Navigating Damped and Forced Harmonic Motion

[Saoist]

hi guys,

doing damped and forced harmonic motion at college at the moment, but i don't do further maths...hence I'm a tad behind compared to those who do (half the class). we don't need to know it for the exam itself, but you know...curiosity. does anyone know of any good online resources about FHM and DHM, maths included, but which explains clearly and concisely?

one major problem i have is that I've never seen the result:

e^(ipt)=cos(pt)+isin(pt) before. saw this in the middle of the DHM derivation which we were shown for all of 30seconds, scribbled it down.does anyone have a good derivation for this please?

 

[DeadWolfe]

Actually it's the definition of the complex exponential.

But to see that it makes sense, simple plug ipt into the power series of e^x, and look at what you get.

 

[sir-pinski]

Hi there! I can definitely relate to feeling behind in a class, especially when it comes to math. Damped and forced harmonic motion can definitely be a tricky subject, but there are definitely some great online resources that can help you understand it better.

First of all, I would recommend checking out Khan Academy's videos on damped and forced harmonic motion. They have a whole series of videos on the topic that break down the concepts and equations in a clear and concise way. They also have practice problems and quizzes to help you test your understanding.

Another great resource is the MIT OpenCourseWare website, which offers free online courses from MIT. They have a course specifically on damped and forced harmonic motion that includes lecture notes, practice problems, and even video lectures. It might be a bit more advanced, but it could definitely help you understand the topic in more depth.
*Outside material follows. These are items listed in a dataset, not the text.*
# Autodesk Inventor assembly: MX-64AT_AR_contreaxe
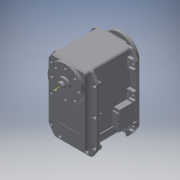
[picture p0: Inventor's stored thumbnail of the model, 180x180]
Saved by Autodesk Inventor 2018 (Build 220112000, 112)
## iProperties
Created: 2017-01-31
Part Number: MX-64AT_AR_contreaxe
Document SubType Name: Assembly
Designer: steve
Mass: 140.592 g
Surface Area: 175.398 cm^2
Volume: 73.6513 cm^3
Density: 1.90889 g/cm^3
Author: steve
## Documents named in this file (5)
- C:\Users\User\Downloads\robot\MX-64AT_AR_contreaxe.iam
- C:\Users\User\Downloads\robot\MX-64AT_AR.ipt
- C:\Users\User\Downloads\robot\RX64-CAP.ipt
- C:\Users\User\Downloads\robot\HN05-i101.ipt
- C:\Users\User\Downloads\robot\MF128ZZ.ipt
## Components (4 placed, 4 different names)
1. MX-64AT_AR:1 — Flush:1
2. RX64-CAP:1
3. HN05-i101:1 — Flush:1
4. MF128ZZ:1
## Relationships (6: Mate 5, Flush 1)
- [Mate]: MX-64AT_AR:1 ↔ HN05-i101:1
- [Mate]: HN05-i101:1 ↔ MF128ZZ:1
- [Mate]: RX64-CAP:1 ↔ MF128ZZ:1
- [Mate]: RX64-CAP:1 ↔ MF128ZZ:1
- [Mate]: MX-64AT_AR:1 ↔ MF128ZZ:1
- Flush:1 (-3 mm): MX-64AT_AR:1 ↔ HN05-i101:1
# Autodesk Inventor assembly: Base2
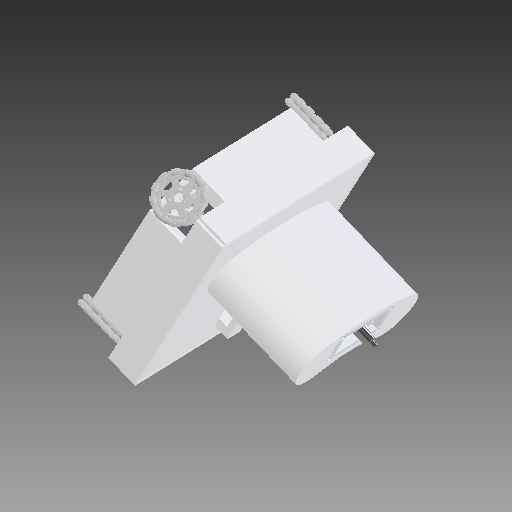
[picture p0: Inventor's stored thumbnail of the model, 512x512]
Saved by Autodesk Inventor 2017 SP1 (Build 210196100, 196)
## iProperties
Created: 2017-06-13
Part Number: Base2
Document SubType Name: Assembly
Designer: zallen
Author: zallen
## Documents named in this file (8)
- C:\Users\Zach\Documents\GitHub\cr-laundry-robot\src\Base 2\Base2.iam
- C:\Users\Zach\Documents\GitHub\cr-laundry-robot\src\Base 2\Chassis\Chassis.iam
- C:\Users\Zach\Documents\GitHub\cr-laundry-robot\lib\DC Motor with Encoder\Motor.ipt
- C:\Users\Zach\Documents\GitHub\cr-laundry-robot\lib\Omni Wheel 6in\217-2585.ipt
- C:\Users\Zach\Documents\GitHub\cr-laundry-robot\lib\Linear Actuator 450mm\LinearActuator450mm.iam
- C:\Users\Zach\Documents\GitHub\cr-laundry-robot\src\Base 2\Riser Base.ipt
- C:\Users\Zach\Documents\GitHub\cr-laundry-robot\src\Base 2\Top Cover.ipt
- C:\Users\Zach\Documents\GitHub\cr-laundry-robot\src\Base 2\Front Cover.ipt
## Components (16 placed, 7 different names)
1. Chassis:1 [sub-assembly] — Mate:1, Mate:2, Mate:3, Mate:4, Mate:5, Mate:6, Mate:7, Mate:8, Mate:10, Mate:12, Mate:14, Mate:16, Mate:17, Mate:18, Mate:19, Mate:20, Mate:23, Mate:25, Mate:28, Mate:29, Mate:30, Mate:33
2. Motor:1 — Mate:1, Mate:2, Mate:13
3. Motor:2 — Mate:7, Mate:8, Mate:9
4. Motor:3 — Mate:5, Mate:6, Mate:15
5. Motor:4 — Mate:3, Mate:4, Mate:11
6. 217-2585:1 — Mate:9, Mate:10
7. 217-2585:2 — Mate:11, Mate:12
8. 217-2585:3 — Mate:13, Mate:14
9. 217-2585:4 — Mate:15, Mate:16
10. LinearActuator450mm:1 [sub-assembly] — Mate:17
11. Riser Base:1 — Mate:18, Mate:19, Mate:20, Mate:21, Mate:22
12. Top Cover:1 — Mate:21, Mate:22, Mate:23, Mate:24, Mate:26, Mate:27, Mate:31, Mate:32, Mate:34
13. Front Cover:1 — Mate:24, Mate:25, Mate:26, Mate:35
14. Front Cover:2 — Mate:27, Mate:28, Mate:29
15. Front Cover:3 — Mate:33, Mate:34, Mate:35
16. Front Cover:4 — Mate:30, Mate:31, Mate:32
## Relationships (35: Mate 35)
- Mate:1: Chassis:1 ↔ Motor:1
- Mate:2: Chassis:1 ↔ Motor:1
- Mate:3: Chassis:1 ↔ Motor:4
- Mate:4: Chassis:1 ↔ Motor:4
- Mate:5: Chassis:1 ↔ Motor:3
- Mate:6: Chassis:1 ↔ Motor:3
- Mate:7: Chassis:1 ↔ Motor:2
- Mate:8: Chassis:1 ↔ Motor:2
- Mate:9: Motor:2 ↔ 217-2585:1
- Mate:10: Chassis:1 ↔ 217-2585:1
- Mate:11: Motor:4 ↔ 217-2585:2
- Mate:12: Chassis:1 ↔ 217-2585:2
- Mate:13: Motor:1 ↔ 217-2585:3
- Mate:14: Chassis:1 ↔ 217-2585:3
- Mate:15: Motor:3 ↔ 217-2585:4
- Mate:16: Chassis:1 ↔ 217-2585:4
- Mate:17: Chassis:1 ↔ LinearActuator450mm:1
- Mate:18: Chassis:1 ↔ Riser Base:1
- Mate:19: Chassis:1 ↔ Riser Base:1
- Mate:20: Chassis:1 ↔ Riser Base:1
- Mate:21: Riser Base:1 ↔ Top Cover:1
- Mate:22: Riser Base:1 ↔ Top Cover:1
- Mate:23: Chassis:1 ↔ Top Cover:1
- Mate:24: Top Cover:1 ↔ Front Cover:1
- Mate:25: Chassis:1 ↔ Front Cover:1
- Mate:26: Top Cover:1 ↔ Front Cover:1
- Mate:27: Top Cover:1 ↔ Front Cover:2
- Mate:28: Chassis:1 ↔ Front Cover:2
- Mate:29: Chassis:1 ↔ Front Cover:2
- Mate:30: Chassis:1 ↔ Front Cover:4
- Mate:31: Top Cover:1 ↔ Front Cover:4
- Mate:32: Top Cover:1 ↔ Front Cover:4
- Mate:33: Chassis:1 ↔ Front Cover:3
- Mate:34: Top Cover:1 ↔ Front Cover:3
- Mate:35: Front Cover:1 ↔ Front Cover:3
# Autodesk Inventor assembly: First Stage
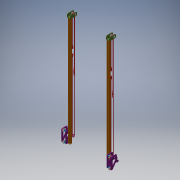
[picture p0: Inventor's stored thumbnail of the model, 180x180]
Saved by Autodesk Inventor 2017 SP1 (Build 210196100, 196)
## iProperties
Created: 2018-01-18
Part Number: First Stage
Document SubType Name: Assembly
Designer: Ben
Mass: 9979.66 g
Surface Area: 70095.8 cm^2
Volume: 103427 cm^3
Density: 0.0964899 g/cm^3
Author: Ben
## Documents named in this file (9)
- C:\Users\Ben\Desktop\Projects\2018 Robot\Cube Lift\First Stage.iam
- C:\Users\Ben\Desktop\Projects\2018 Robot\Cube Lift\Rail.ipt
- C:\Users\Ben\Desktop\Projects\2018 Robot\Cube Lift\roller bushing.iam
- C:\Users\Ben\Desktop\Projects\2018 Robot\Cube Lift\carriage plate square 2.ipt
- C:\Users\Ben\Desktop\Projects\2018 Robot\Cube Lift\top pully bracket 2.ipt
- C:\Users\Ben\Desktop\Projects\2018 Robot\Cube Lift\second stage belt 2.ipt
- C:\Users\Ben\Desktop\Projects\2018 Robot\Cube Lift\line pulley.ipt
- C:\Users\Ben\Desktop\Projects\2018 Robot\Cube Lift\outside carriage plate.ipt
- C:\Users\Ben\Desktop\Projects\2018 Robot\Cube Lift\first stage spacer.ipt
## Components (26 placed, 8 different names)
1. Rail:3 — Mate:5, Mate:24, Flush:34, Mate:48, Flush:35, Angle:4, Flush:64, Mate:104
2. roller bushing:1 [sub-assembly] — Mate:38, Insert:36
3. carriage plate square 2:1 — Mate:5, Mate:24, Mate:36, Mate:37, Mate:38, Mate:66, Mate:67, Mate:73, Mate:74, Mate:104
4. roller bushing:2 [sub-assembly] — Mate:36, Insert:34
5. roller bushing:3 [sub-assembly] — Mate:37, Insert:35
6. top pully bracket 2:1 — Flush:34, Mate:48, Flush:35, Mate:70, Mate:71
7. second stage belt 2:1 — Angle:4, Mate:68, Mate:69, Flush:66
8. line pulley:1 — Mate:66, Mate:67, Mate:68, Mate:69
9. line pulley:2 — Mate:70, Mate:71
10. outside carriage plate:1 — Mate:73, Mate:74
11. Rail:4 — Mate:86, Flush:58, Flush:59, Mate:93, Flush:60, Flush:64, Mate:103
12. outside carriage plate:2 — Insert:19, Insert:20, Insert:21, Mate:84, Mate:85
13. carriage plate square 2:2 — Mate:84, Mate:85, Mate:86, Flush:58, Insert:26, Mate:103
14. roller bushing:7 [sub-assembly] — Insert:19, Insert:32
15. roller bushing:8 [sub-assembly] — Insert:20, Insert:33
16. roller bushing:10 [sub-assembly] — Insert:21, Insert:31
17. line pulley:3 — Insert:26, Mate:101, Mate:102
18. top pully bracket 2:2 — Flush:59, Mate:93, Flush:60, Mate:97, Mate:98
19. line pulley:4 — Mate:97, Mate:98
20. second stage belt 2:2 — Mate:101, Mate:102, Flush:66
21. first stage spacer:1 — Insert:31
22. first stage spacer:2 — Insert:32
23. first stage spacer:3 — Insert:33
24. first stage spacer:4 — Insert:35
25. first stage spacer:5 — Insert:36
26. first stage spacer:6 — Insert:34
## Relationships (42: Mate 24, Insert 10, Flush 7, Angle 1)
- Mate:5: Rail:3 ↔ carriage plate square 2:1
- Mate:24: Rail:3 ↔ carriage plate square 2:1
- Mate:36: carriage plate square 2:1 ↔ roller bushing:2
- Mate:37: carriage plate square 2:1 ↔ roller bushing:3
- Mate:38: roller bushing:1 ↔ carriage plate square 2:1
- Flush:34 (-1.5875 mm): Rail:3 ↔ top pully bracket 2:1
- Mate:48: Rail:3 ↔ top pully bracket 2:1
- Flush:35 (-6.35 mm): Rail:3 ↔ top pully bracket 2:1
- Angle:4 (0 deg): Rail:3 ↔ second stage belt 2:1
- Mate:66: carriage plate square 2:1 ↔ line pulley:1
- Mate:67 (3.175 mm): carriage plate square 2:1 ↔ line pulley:1
- Mate:68: second stage belt 2:1 ↔ line pulley:1
- Mate:69 (0.7937 mm): second stage belt 2:1 ↔ line pulley:1
- Mate:70: top pully bracket 2:1 ↔ line pulley:2
- Mate:71 (4.7625 mm): top pully bracket 2:1 ↔ line pulley:2
- Mate:73: carriage plate square 2:1 ↔ outside carriage plate:1
- Mate:74: carriage plate square 2:1 ↔ outside carriage plate:1
- Insert:19: outside carriage plate:2 ↔ roller bushing:7
- Insert:20: outside carriage plate:2 ↔ roller bushing:8
- Insert:21: outside carriage plate:2 ↔ roller bushing:10
- Mate:84: outside carriage plate:2 ↔ carriage plate square 2:2
- Mate:85: outside carriage plate:2 ↔ carriage plate square 2:2
- Mate:86: Rail:4 ↔ carriage plate square 2:2
- Flush:58: Rail:4 ↔ carriage plate square 2:2
- Insert:26 (3.175 mm): carriage plate square 2:2 ↔ line pulley:3
- Flush:59 (1.5875 mm): Rail:4 ↔ top pully bracket 2:2
- Mate:93: Rail:4 ↔ top pully bracket 2:2
- Flush:60 (6.35 mm): Rail:4 ↔ top pully bracket 2:2
- Mate:97: top pully bracket 2:2 ↔ line pulley:4
- Mate:98 (4.7625 mm): top pully bracket 2:2 ↔ line pulley:4
- Flush:64: Rail:3 ↔ Rail:4
- Mate:101: line pulley:3 ↔ second stage belt 2:2
- Mate:102 (0.7937 mm): line pulley:3 ↔ second stage belt 2:2
- Flush:66: second stage belt 2:1 ↔ second stage belt 2:2
- Insert:31: roller bushing:10 ↔ first stage spacer:1
- Insert:32: roller bushing:7 ↔ first stage spacer:2
- Insert:33: roller bushing:8 ↔ first stage spacer:3
- Insert:34: roller bushing:2 ↔ first stage spacer:6
- Insert:35: roller bushing:3 ↔ first stage spacer:4
- Insert:36: roller bushing:1 ↔ first stage spacer:5
- Mate:103 (-12.7 mm): Rail:4 ↔ carriage plate square 2:2
- Mate:104 (-12.7 mm): Rail:3 ↔ carriage plate square 2:1

As for the derivation of e^(ipt)=cos(pt)+isin(pt), I would recommend checking out Paul's Online Math Notes. They have a section specifically on complex numbers and trigonometry, which includes a derivation of this formula. They also have practice problems and examples to help solidify your understanding.

I hope these resources help you out! Just remember to take your time and practice as much as you can. With a bit of effort and persistence, I'm sure you'll be able to catch up and excel in this subject. Best of luck!